Swift worked with tattoo and in body piercing artists in New York. Then they left the city to live on a farm. They learned how to construct buildings, lay brick, take care of goats, and garden. “So much cool stuff,” Swift said. “It got me thinking about how to be an authentic person and be a person first, and then let that inform my musicality.”
Swift played music with others on the farm. “They did all improvised music, and it wasn’t jazz, so that was like another sort of layer of not knowing what to do, that was taken away. It was just make sound, make whatever sound you want to make, and make music,” they said. “It actually kind of became like a religion for me in a way, this idea of improvisation and self-expression, but like authentic self-expression.”
The music just flowed. “It became less about like trying to mimic something and more about trying to become more of the musician that I am naturally.”
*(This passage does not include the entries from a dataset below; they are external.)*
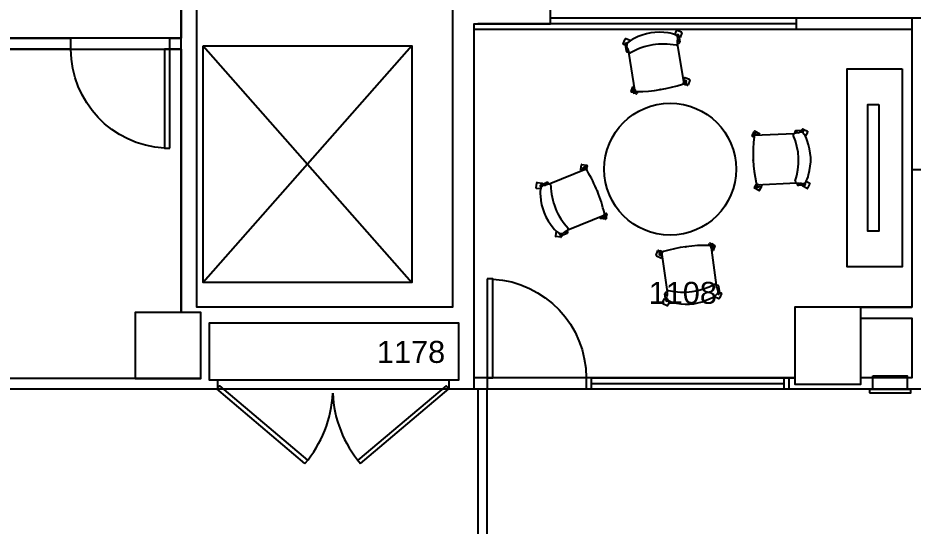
# Model space of a CAD drawing. Header units: inches. Extents: x 4 to 2210, y 3 to 2073.
# Drawn here: x 859.2 to 1184.9, y 1617.6 to 1802.5 of the extents above; entities that cross this region are included whole.
import ezdxf

# ---------------------------------------------------------------- set-up
doc = ezdxf.new("R2010")
doc.units = ezdxf.units.IN
doc.header["$MEASUREMENT"] = 0
for name, color, linetype in [('Planon_construction', 253, 'Continuous'), ('Planon_space', 40, 'Continuous'), ('Planon_space_number', 30, 'Continuous')]:
    doc.layers.add(name, color=color, linetype=linetype)
doc.styles.get("Standard").update_dxf_attribs({"font": 'arial.ttf'})
doc.styles.add('TEXT', font='arial.ttf')

# ---------------------------------------------------------------- blocks, each defined once
blk = doc.blocks.new('1Front_1100_A-4_Data_Elec 07 26 18_RDI BASE$0$30DOOR')
for p, q in [((0, 0), (0, 4)), ((36, 0), (36, 4))]:
    blk.add_line(p, q)
blk.add_lwpolyline([(0, -36), (0, 0), (2, 0), (2, -36)], close=True)
blk.add_arc((0, 0), 36, 273.1847, 0)
blk = doc.blocks.new('P_95-7R')
at = {"layer": 'Planon_construction'}
for p, q in [((0.53, 9.85), (0.84, 10.4)), ((0.72, 9.9), (0.72, 9.9)), ((0.72, 9.9), (1.48, 9.9)), ((1.11, 10.47), (2.64, 9.59)), ((18.24, 9.9), (15.94, 9.9)), ((18.07, 9.9), (18.36, 10.4)), ((18.62, 10.47), (20.16, 9.58)), ((-0.03, 8.89), (0.29, 9.44)), ((0.64, 8.28), (0.04, 8.62)), ((0.72, 9.02), (15.34, 9.02)), ((2.55, 9.02), (2.72, 9.31)), ((2.65, 9.58), (2.64, 9.59)), ((19.36, 7.81), (20.23, 9.31)), ((-0.03, -10.03), (0.29, -9.48)), ((0.53, -9.07), (0.76, -8.67)), ((0.72, -9.02), (15.34, -9.02)), ((1.85, -11.11), (2.72, -9.61)), ((2.1, -9.02), (2.65, -9.34)), ((18.83, -8.57), (20.16, -9.34)), ((19.36, -11.11), (20.23, -9.61)), ((1.58, -11.19), (0.04, -10.3)), ((0.72, -9.9), (1.48, -9.9)), ((0.72, -9.9), (0.72, -9.9)), ((18.24, -9.9), (15.94, -9.9)), ((17.48, -10.03), (17.56, -9.9)), ((19.09, -11.19), (17.56, -10.3))]:
    blk.add_line(p, q, dxfattribs=at)
for centre in [(1.48, 9.46), (1.48, -9.46)]:
    blk.add_circle(centre, 0.437, dxfattribs=at)
for centre, radius, start, end in [((0.72, 9.46), 0.438, 90, 270), ((1.01, 10.3), 0.197, 60, 150), ((15.94, 9.46), 0.437, 313.9242, 236.1927), ((18.24, 9.46), 0.438, 296.2703, 90), ((18.53, 10.3), 0.197, 60, 150), ((0.14, 8.79), 0.197, 150, 240), ((53.76, 0), 53.76, 171.0231, 188.9769), ((1.4, 8.27), 0.749, 90.0499, 171.1399), ((2.55, 9.41), 0.197, 330, 60), ((15.63, 8.4), 0.69, 120.6695, 179.8182), ((-7.14, 0), 23.63, 339.164, 20.836), ((15.75, 8), 1.1, 80.9095, 115.0661), ((18.84, -5.44), 14.82, 98.4693, 101.3569), ((16.12, 12.32), 3.15, 279.8709, 294.7182), ((16.94, 6.35), 3.15, 63.6603, 80.9972), ((14.02, 5.08), 5.95, 10.9764, 43.3891), ((19.19, 7.9), 0.197, 313.7713, 330), ((20.06, 9.41), 0.197, 330, 60), ((1.98, 0), 18.93, 340.8263, 19.1737), ((14.02, -5.08), 5.95, 316.6109, 349.7188), ((0.72, -9.46), 0.438, 90, 270), ((1.4, -8.27), 0.749, 188.8601, 269.9501), ((2.55, -9.51), 0.197, 330, 60), ((15.63, -8.4), 0.69, 180.1818, 239.3305), ((15.75, -8), 1.1, 244.9339, 279.0905), ((15.94, -9.46), 0.437, 123.8073, 46.0758), ((18.84, 5.44), 14.82, 258.6431, 261.5307), ((16.12, -12.32), 3.15, 65.2818, 80.1291), ((16.94, -6.35), 3.15, 279.0028, 296.3397), ((18.24, -9.46), 0.438, 270, 63.7297), ((20.06, -9.51), 0.197, 330, 60), ((0.14, -10.13), 0.197, 150, 240), ((1.68, -11.02), 0.197, 240, 330), ((17.65, -10.13), 0.197, 150, 240), ((19.19, -11.02), 0.197, 240, 330)]:
    blk.add_arc(centre, radius, start, end, dxfattribs=at)
blk.add_point((0, 0), dxfattribs=at)
at = {"layer": 'Planon_construction', "style": 'TEXT', "flags": 1}
for tag in ['CAPPN', 'CAPMG', 'CAPMC', 'CAPQT', 'CAPDH', 'CAPGC']:
    blk.add_attdef(tag, (0, 0), '', height=0.001, dxfattribs=at)

msp = doc.modelspace()

# ---------------------------------------------------------------- linework, layer by layer
at = {"layer": 'Planon_construction'}
for p, q in [((1142.33, 1802.4), (1142.33, 1798.4)), ((1184.44, 1802.4), (1184.44, 1697.29)), ((1025.19, 1798.4), (1184.44, 1798.4)), ((777.94, 1795.03), (878.5, 1795.03)), ((914.5, 1795.03), (918.56, 1795.03)), ((1002.56, 1792.28), (926.56, 1706.28)), ((926.56, 1792.28), (1002.56, 1706.28)), ((878.5, 1791.03), (777.94, 1791.03)), ((918.56, 1791.03), (914.5, 1791.03)), ((1165.81, 1697.29), (1184.37, 1697.29)), ((1029.94, 1671.53), (1025.19, 1671.53)), ((1067.94, 1671.53), (1141.81, 1671.53)), ((1067.94, 1669.53), (1137.81, 1669.53))]:
    msp.add_line(p, q, dxfattribs=at)
for points in [[(918.56, 1695.28), (918.56, 1965.03), (914.56, 1965.03), (914.56, 1971.15), (918.56, 1971.15), (918.56, 2013.28)], [(929.81, 2015.28), (1017.31, 2015.28), (1017.31, 1697.28), (924.31, 1697.28), (924.31, 2013.28)], [(1025.19, 1667.53), (1025.19, 1800.28), (1052.96, 1800.28), (1052.96, 1914.28), (1017.31, 1914.28)], [(1215.06, 1762.57), (1190.56, 1753.28), (1190.56, 1796.28), (1192.81, 1796.28), (1192.81, 1802.4), (1052.96, 1802.4)], [(1026.48, 1800.44), (1142.33, 1800.4)], [(1067.94, 1667.53), (1139.81, 1667.53), (1188.44, 1667.53), (1188.44, 1747.54)], [(1385.84, 1699.29), (1385.84, 1667.6), (1381.84, 1667.6), (1381.84, 1747.15), (1287.12, 1747.15), (1287.12, 1667.65), (1283.12, 1667.65), (1283.12, 1747.15), (1184.44, 1747.15)], [(925.81, 1671.28), (816.94, 1671.28), (816.94, 1667.53), (931.94, 1667.53), (931.94, 1670.65), (928.94, 1670.65), (928.94, 1691.53), (1019.44, 1691.53), (1019.44, 1670.65), (1015.94, 1670.65), (1015.94, 1667.53), (1029.94, 1667.53)], [(1165.81, 1693.29), (1184.44, 1693.29), (1184.44, 1671.53), (1165.81, 1671.53)], [(963.62, 1640.42), (931.53, 1667.53), (932.5, 1668.67), (964.58, 1641.57)], [(983.85, 1640.42), (1015.94, 1667.53), (1014.97, 1668.67), (982.89, 1641.57)]]:
    msp.add_lwpolyline(points, dxfattribs=at)
for points in [[(926.56, 1792.28), (1002.56, 1792.28), (1002.56, 1706.28), (926.56, 1706.28)], [(1180.87, 1783.94), (1180.87, 1711.94), (1160.87, 1711.94), (1160.87, 1783.94)], [(1172.37, 1770.94), (1172.37, 1724.94), (1168.37, 1724.94), (1168.37, 1770.94)], [(1141.81, 1697.28), (1141.81, 1669.28), (1165.81, 1669.28), (1165.81, 1697.28)], [(901.81, 1695.28), (901.81, 1671.28), (925.81, 1671.28), (925.81, 1695.28)], [(1065.94, 1667.53), (1067.94, 1667.53), (1067.94, 1671.53), (1065.94, 1671.53)], [(1137.81, 1667.53), (1139.81, 1667.53), (1139.81, 1671.53), (1137.81, 1671.53)], [(1170.28, 1672.3), (1182.78, 1672.3), (1182.78, 1667.3), (1170.28, 1667.3)], [(1169.03, 1666.05), (1184.03, 1666.05), (1184.03, 1667.3), (1169.03, 1667.3)]]:
    msp.add_lwpolyline(points, close=True, dxfattribs=at)
msp.add_circle((1096.5, 1747.44), 24, dxfattribs=at)
for centre, start, end in [((931.66, 1667.84), 319.3792, 357.4272), ((1015.81, 1667.84), 182.5728, 220.6208)]:
    msp.add_arc(centre, 42.12, start, end, dxfattribs=at)
at = {"layer": 'Planon_space'}
for points in [[(777.94, 1965.03), (878.56, 1965.03), (878.56, 1971.15), (780.94, 1971.15), (780.94, 2031.15), (899.81, 2031.15), (899.81, 2013.28), (918.56, 2013.28), (918.56, 1971.15), (914.56, 1971.15), (914.56, 1965.03), (918.56, 1965.03), (918.56, 1795.03), (777.94, 1795.03), (777.94, 1965.03)], [(1025.19, 1798.4), (1184.44, 1798.4), (1184.44, 1697.29), (1141.81, 1697.28), (1141.81, 1671.53), (1025.19, 1671.53), (1025.19, 1798.4)], [(777.94, 1791.03), (918.56, 1791.03), (918.56, 1695.28), (901.81, 1695.28), (901.81, 1671.28), (777.94, 1671.28), (777.94, 1791.03)], [(928.94, 1691.53), (1019.44, 1691.53), (1019.44, 1670.65), (928.94, 1670.65), (928.94, 1691.53)], [(882.56, 1607.78), (882.56, 1432.93), (813.56, 1432.93), (813.56, 1464.93), (816.56, 1464.93), (816.56, 1468.68), (813.56, 1468.68), (813.56, 1607.52), (644.69, 1607.52), (644.69, 1589.03), (596.94, 1589.03), (596.94, 1607.53), (413.85, 1607.54), (413.85, 1667.53), (1026.56, 1667.53), (1026.56, 1607.78), (882.56, 1607.78)]]:
    msp.add_lwpolyline(points, close=True, dxfattribs=at)
msp.add_lwpolyline([(1029.94, 1607.78), (1029.94, 1667.53), (1385.84, 1667.6), (1385.84, 1699.29), (1405.81, 1699.29), (1405.81, 1727.28), (1385.84, 1727.29), (1385.84, 1829.57), (1486.36, 1829.57)], dxfattribs=at)

# ---------------------------------------------------------------- block references
at = {"layer": 'Planon_construction'}
for p, rotation in [((1092.84, 1776.37), 99.43579748233407), ((1126.73, 1750.77), 2.484586724421864), ((1070.04, 1739.38), 202.0831748943199), ((1102.24, 1719.24), 277.7719268000758)]:
    msp.add_blockref('P_95-7R', p, dxfattribs=dict(at, rotation=rotation))
at = {"layer": 'Planon_construction', "xscale": -1}
msp.add_blockref('1Front_1100_A-4_Data_Elec 07 26 18_RDI BASE$0$30DOOR', (914.5, 1791.03), dxfattribs=at)
at = {"layer": 'Planon_construction', "xscale": -1, "rotation": 180}
msp.add_blockref('1Front_1100_A-4_Data_Elec 07 26 18_RDI BASE$0$30DOOR', (1029.94, 1671.53), dxfattribs=at)

# ---------------------------------------------------------------- texts
at = {"layer": 'Planon_space_number'}
for s, p in [('1108', (1088.65, 1698.46)), ('1178', (989.79, 1676.98))]:
    msp.add_text(s, height=8, dxfattribs=at).set_placement(p)

doc.saveas('drawing.dxf')

That ethos melds with the ethos of the Silkroad Project. The ensemble adds yet another dimension. The ensemble’s concept is to come up with new, contemporary sounds that are deeply rooted in musical traditions.
Swift pointed to Giddens who has explored the banjo’s roots in Africa, and now takes that to create her own distinct sound.
It reflects a Ghanian belief. “It’s remembering your past, acknowledging it in order to move forward,” Swift said. “Know where you’re coming from so that you know where you’re going. That’s like a beautiful, summation of what the ensemble is doing. They’re taking deeply rooted pieces of music and sounds and approaches to music and making something new.”